> What you are asked to do
Transcribe the data that follows without changing a word, and omit the pictures.

◆ ◆ ◆ ◆ ◆ ◆ ◆

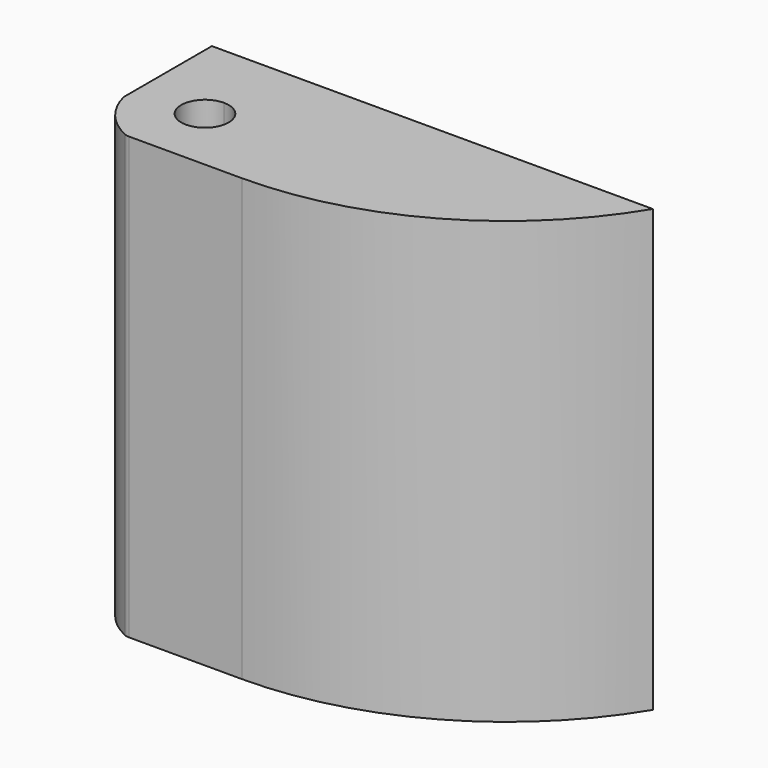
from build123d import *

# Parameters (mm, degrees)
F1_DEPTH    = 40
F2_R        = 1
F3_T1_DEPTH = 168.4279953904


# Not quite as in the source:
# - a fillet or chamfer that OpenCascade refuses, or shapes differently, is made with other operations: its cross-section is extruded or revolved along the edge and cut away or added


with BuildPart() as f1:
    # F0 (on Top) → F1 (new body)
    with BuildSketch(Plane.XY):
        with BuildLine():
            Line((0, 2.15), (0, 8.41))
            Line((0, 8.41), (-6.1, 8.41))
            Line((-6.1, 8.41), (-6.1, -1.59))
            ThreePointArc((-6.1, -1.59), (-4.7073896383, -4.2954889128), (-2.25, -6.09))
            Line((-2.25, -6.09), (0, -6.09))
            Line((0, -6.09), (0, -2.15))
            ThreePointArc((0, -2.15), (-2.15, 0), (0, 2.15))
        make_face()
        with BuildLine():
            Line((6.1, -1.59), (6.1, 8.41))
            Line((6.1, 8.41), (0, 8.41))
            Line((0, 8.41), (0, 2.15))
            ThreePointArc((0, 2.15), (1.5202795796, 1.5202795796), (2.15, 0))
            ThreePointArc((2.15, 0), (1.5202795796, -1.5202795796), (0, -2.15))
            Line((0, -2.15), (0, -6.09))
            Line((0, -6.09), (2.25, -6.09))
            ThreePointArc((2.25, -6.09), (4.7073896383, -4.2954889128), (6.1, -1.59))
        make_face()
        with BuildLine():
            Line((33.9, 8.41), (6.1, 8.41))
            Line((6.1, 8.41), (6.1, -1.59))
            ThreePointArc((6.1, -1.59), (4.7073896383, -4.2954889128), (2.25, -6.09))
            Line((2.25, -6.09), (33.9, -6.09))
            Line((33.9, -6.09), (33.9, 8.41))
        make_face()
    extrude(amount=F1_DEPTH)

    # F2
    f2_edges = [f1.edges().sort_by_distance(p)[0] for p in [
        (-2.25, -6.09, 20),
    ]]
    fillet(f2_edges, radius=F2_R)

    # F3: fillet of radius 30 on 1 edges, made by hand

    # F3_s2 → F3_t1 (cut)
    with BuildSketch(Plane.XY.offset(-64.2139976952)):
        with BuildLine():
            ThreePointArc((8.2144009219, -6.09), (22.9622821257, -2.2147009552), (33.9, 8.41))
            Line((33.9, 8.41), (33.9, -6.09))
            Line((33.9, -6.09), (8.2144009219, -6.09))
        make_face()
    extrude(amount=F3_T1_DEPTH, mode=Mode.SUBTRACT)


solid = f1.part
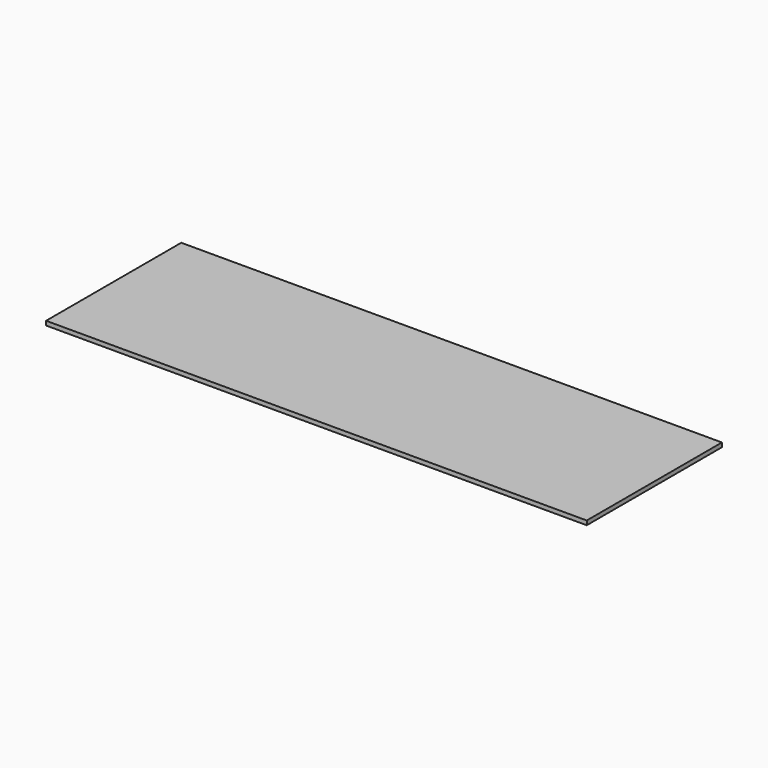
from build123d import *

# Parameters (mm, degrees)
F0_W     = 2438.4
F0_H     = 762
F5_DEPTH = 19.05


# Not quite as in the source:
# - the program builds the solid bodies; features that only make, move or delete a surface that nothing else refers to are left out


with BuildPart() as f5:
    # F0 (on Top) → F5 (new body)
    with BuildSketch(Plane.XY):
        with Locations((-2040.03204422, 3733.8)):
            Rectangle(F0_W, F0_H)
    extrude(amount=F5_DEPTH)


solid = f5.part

◆ ◆ ◆ ◆ ◆ ◆ ◆

> Answer space
from build123d import *

# Parameters (mm, degrees)
F1_DEPTH    = 40
F2_R        = 1
F3_T1_DEPTH = 168.4279953904


# Not quite as in the source:
# - a fillet or chamfer that OpenCascade refuses, or shapes differently, is made with other operations: its cross-section is extruded or revolved along the edge and cut away or added


with BuildPart() as f1:
    # F0 (on Top) → F1 (new body)
    with BuildSketch(Plane.XY):
        with BuildLine():
            Line((0, 2.15), (0, 8.41))
            Line((0, 8.41), (-6.1, 8.41))
            Line((-6.1, 8.41), (-6.1, -1.59))
            ThreePointArc((-6.1, -1.59), (-4.7073896383, -4.2954889128), (-2.25, -6.09))
            Line((-2.25, -6.09), (0, -6.09))
            Line((0, -6.09), (0, -2.15))
            ThreePointArc((0, -2.15), (-2.15, 0), (0, 2.15))
        make_face()
        with BuildLine():
            Line((6.1, -1.59), (6.1, 8.41))
            Line((6.1, 8.41), (0, 8.41))
            Line((0, 8.41), (0, 2.15))
            ThreePointArc((0, 2.15), (1.5202795796, 1.5202795796), (2.15, 0))
            ThreePointArc((2.15, 0), (1.5202795796, -1.5202795796), (0, -2.15))
            Line((0, -2.15), (0, -6.09))
            Line((0, -6.09), (2.25, -6.09))
            ThreePointArc((2.25, -6.09), (4.7073896383, -4.2954889128), (6.1, -1.59))
        make_face()
        with BuildLine():
            Line((33.9, 8.41), (6.1, 8.41))
            Line((6.1, 8.41), (6.1, -1.59))
            ThreePointArc((6.1, -1.59), (4.7073896383, -4.2954889128), (2.25, -6.09))
            Line((2.25, -6.09), (33.9, -6.09))
            Line((33.9, -6.09), (33.9, 8.41))
        make_face()
    extrude(amount=F1_DEPTH)

    # F2
    f2_edges = [f1.edges().sort_by_distance(p)[0] for p in [
        (-2.25, -6.09, 20),
    ]]
    fillet(f2_edges, radius=F2_R)

    # F3: fillet of radius 30 on 1 edges, made by hand

    # F3_s2 → F3_t1 (cut)
    with BuildSketch(Plane.XY.offset(-64.2139976952)):
        with BuildLine():
            ThreePointArc((8.2144009219, -6.09), (22.9622821257, -2.2147009552), (33.9, 8.41))
            Line((33.9, 8.41), (33.9, -6.09))
            Line((33.9, -6.09), (8.2144009219, -6.09))
        make_face()
    extrude(amount=F3_T1_DEPTH, mode=Mode.SUBTRACT)


solid = f1.part
from build123d import *

# Parameters (mm, degrees)
F0_W     = 2438.4
F0_H     = 762
F5_DEPTH = 19.05


# Not quite as in the source:
# - the program builds the solid bodies; features that only make, move or delete a surface that nothing else refers to are left out


with BuildPart() as f5:
    # F0 (on Top) → F5 (new body)
    with BuildSketch(Plane.XY):
        with Locations((-2040.03204422, 3733.8)):
            Rectangle(F0_W, F0_H)
    extrude(amount=F5_DEPTH)


solid = f5.part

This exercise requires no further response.